* [What to work on]:
Print the entries below again exactly as they stand, but skip any picture.
Segment Start: Material for the task
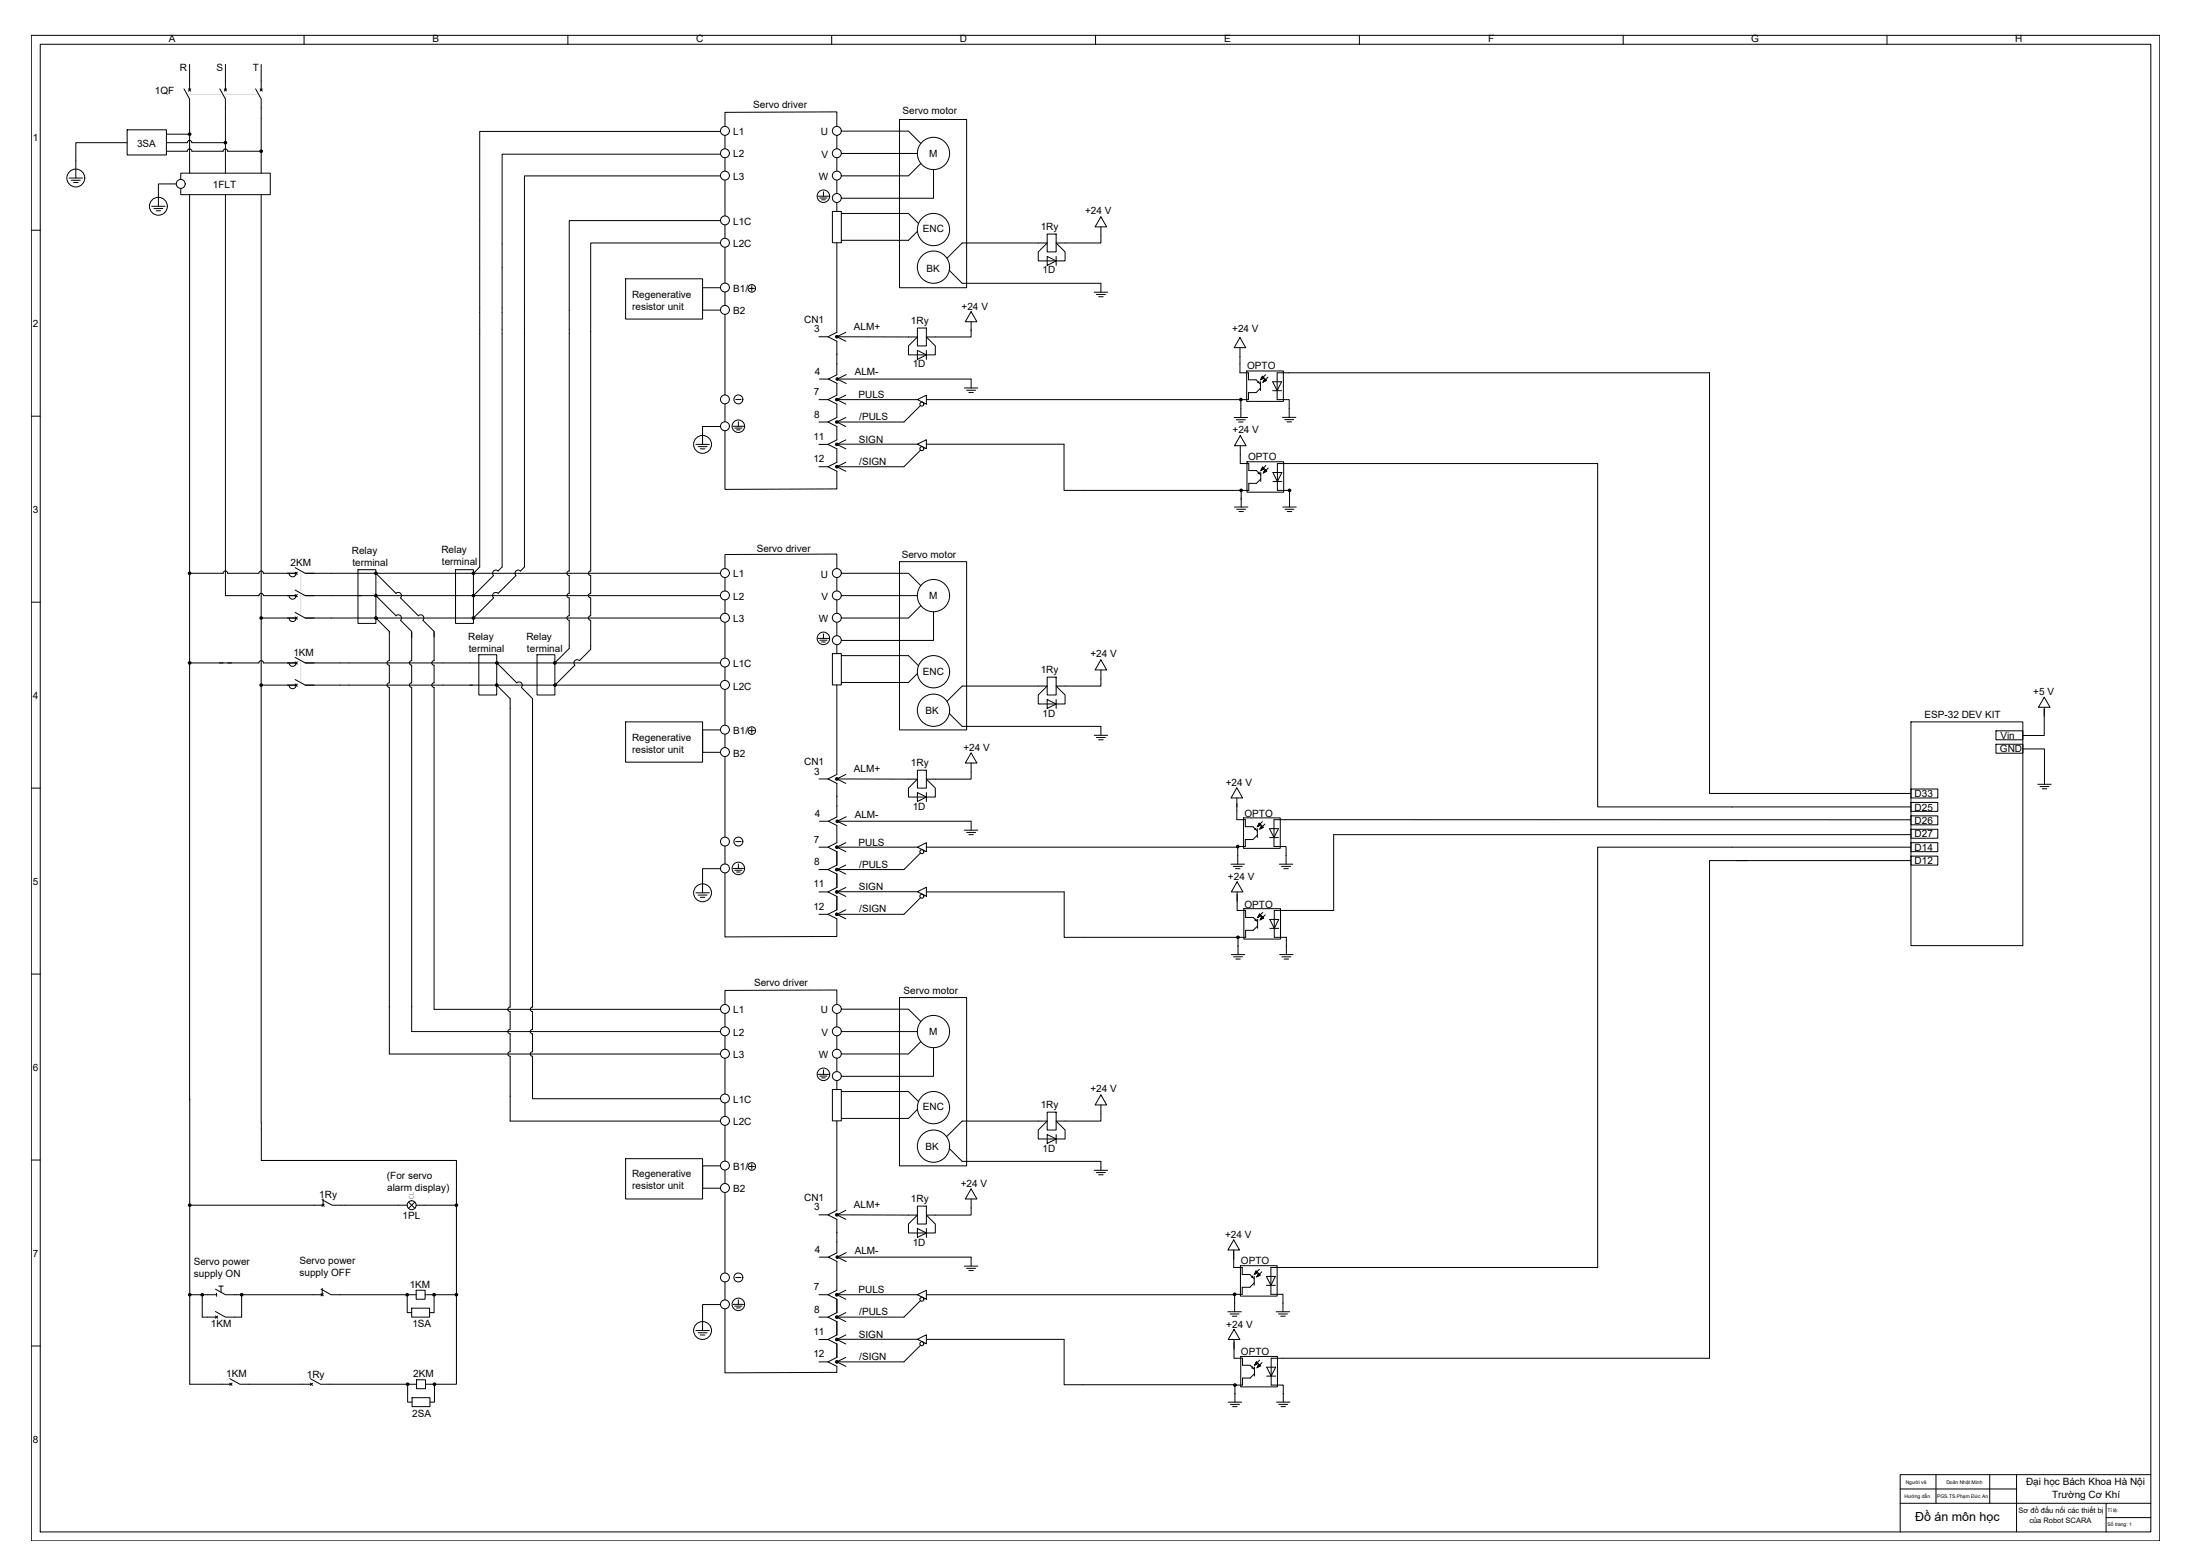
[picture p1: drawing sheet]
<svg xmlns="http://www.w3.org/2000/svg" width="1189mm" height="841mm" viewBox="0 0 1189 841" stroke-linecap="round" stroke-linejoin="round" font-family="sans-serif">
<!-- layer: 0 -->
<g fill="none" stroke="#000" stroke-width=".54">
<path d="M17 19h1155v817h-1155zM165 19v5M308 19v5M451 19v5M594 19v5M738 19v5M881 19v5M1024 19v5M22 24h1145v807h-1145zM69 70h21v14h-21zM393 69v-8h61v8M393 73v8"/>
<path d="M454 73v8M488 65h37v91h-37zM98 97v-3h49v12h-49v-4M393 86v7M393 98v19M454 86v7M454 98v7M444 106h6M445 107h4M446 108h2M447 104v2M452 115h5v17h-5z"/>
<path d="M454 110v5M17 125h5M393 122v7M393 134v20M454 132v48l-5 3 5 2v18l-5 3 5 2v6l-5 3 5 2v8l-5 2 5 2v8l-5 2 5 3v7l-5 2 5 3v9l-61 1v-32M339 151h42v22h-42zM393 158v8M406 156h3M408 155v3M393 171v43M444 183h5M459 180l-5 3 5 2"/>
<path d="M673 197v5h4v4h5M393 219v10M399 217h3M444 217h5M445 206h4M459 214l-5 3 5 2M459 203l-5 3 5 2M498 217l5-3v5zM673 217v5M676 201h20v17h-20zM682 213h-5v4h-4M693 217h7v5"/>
Segment End: Material for the task
* [Exercise response]:
[picture p1: drawing sheet]
<svg xmlns="http://www.w3.org/2000/svg" width="1189mm" height="841mm" viewBox="0 0 1189 841" stroke-linecap="round" stroke-linejoin="round" font-family="sans-serif">
<!-- layer: 0 -->
<g fill="none" stroke="#000" stroke-width=".54">
<path d="M17 19h1155v817h-1155zM165 19v5M308 19v5M451 19v5M594 19v5M738 19v5M881 19v5M1024 19v5M22 24h1145v807h-1145zM69 70h21v14h-21zM393 69v-8h61v8M393 73v8"/>
<path d="M454 73v8M488 65h37v91h-37zM98 97v-3h49v12h-49v-4M393 86v7M393 98v19M454 86v7M454 98v7M444 106h6M445 107h4M446 108h2M447 104v2M452 115h5v17h-5z"/>
<path d="M454 110v5M17 125h5M393 122v7M393 134v20M454 132v48l-5 3 5 2v18l-5 3 5 2v6l-5 3 5 2v8l-5 2 5 2v8l-5 2 5 3v7l-5 2 5 3v9l-61 1v-32M339 151h42v22h-42zM393 158v8M406 156h3M408 155v3M393 171v43M444 183h5M459 180l-5 3 5 2"/>
<path d="M673 197v5h4v4h5M393 219v10M399 217h3M444 217h5M445 206h4M459 214l-5 3 5 2M459 203l-5 3 5 2M498 217l5-3v5zM673 217v5M676 201h20v17h-20zM682 213h-5v4h-4M693 217h7v5"/>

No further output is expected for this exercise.